McCain’s Suspension Bridge to Nowhere

Frank Rich
Op-Ed Columnist
The New York Times
September 28, 2008

WHAT we learned last week is that the man who always puts his “country first” will take the country down with him if that’s what it takes to get to the White House.
For all the focus on Friday night’s deadlocked debate, it still can’t obscure what preceded it: When John McCain gratuitously parachuted into Washington on Thursday, he didn’t care if his grandstanding might precipitate an even deeper economic collapse. All he cared about was whether he might save his campaign. George Bush put more deliberation into invading Iraq than McCain did into his own reckless invasion of the delicate Congressional negotiations on the bailout plan.
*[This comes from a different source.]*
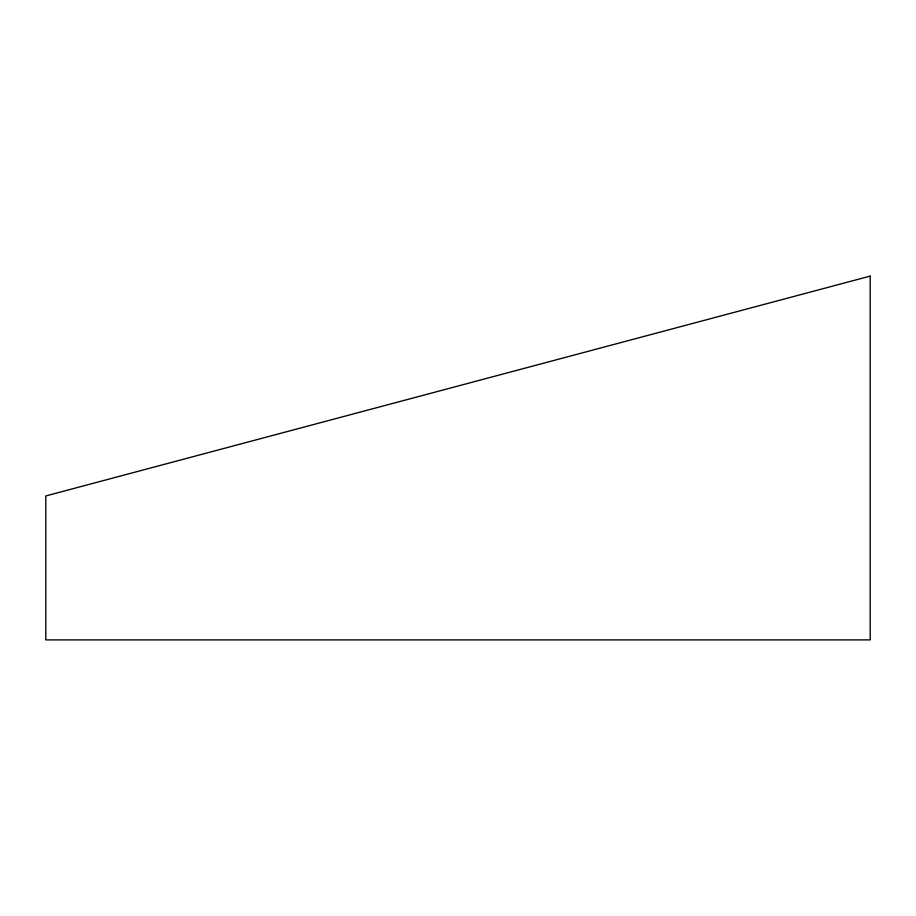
<?xml version="1.0" encoding="UTF-8"?>
<svg xmlns="http://www.w3.org/2000/svg" width="916" height="916" viewBox="0 0 916 916"><rect width="100%" height="100%" fill="white"/><g stroke="black" fill="none" stroke-linecap="round" stroke-linejoin="round"><path stroke-width="1.37" d="M870.2 276.105L45.8 495.945L45.8 639.895L870.2 639.895L870.2 276.105"/></g></svg>

By the time he arrived, there already was a bipartisan agreement in principle. It collapsed hours later at the meeting convened by the president in the Cabinet Room. Rather than help try to resuscitate Wall Street’s bloodied bulls, McCain was determined to be the bull in Washington’s legislative china shop, running around town and playing both sides of his divided party against Congress’s middle. Once others eventually forged a path out of the wreckage, he’d inflate, if not outright fictionalize, his own role in cleaning up the mess his mischief helped make. Or so he hoped, until his ignominious retreat.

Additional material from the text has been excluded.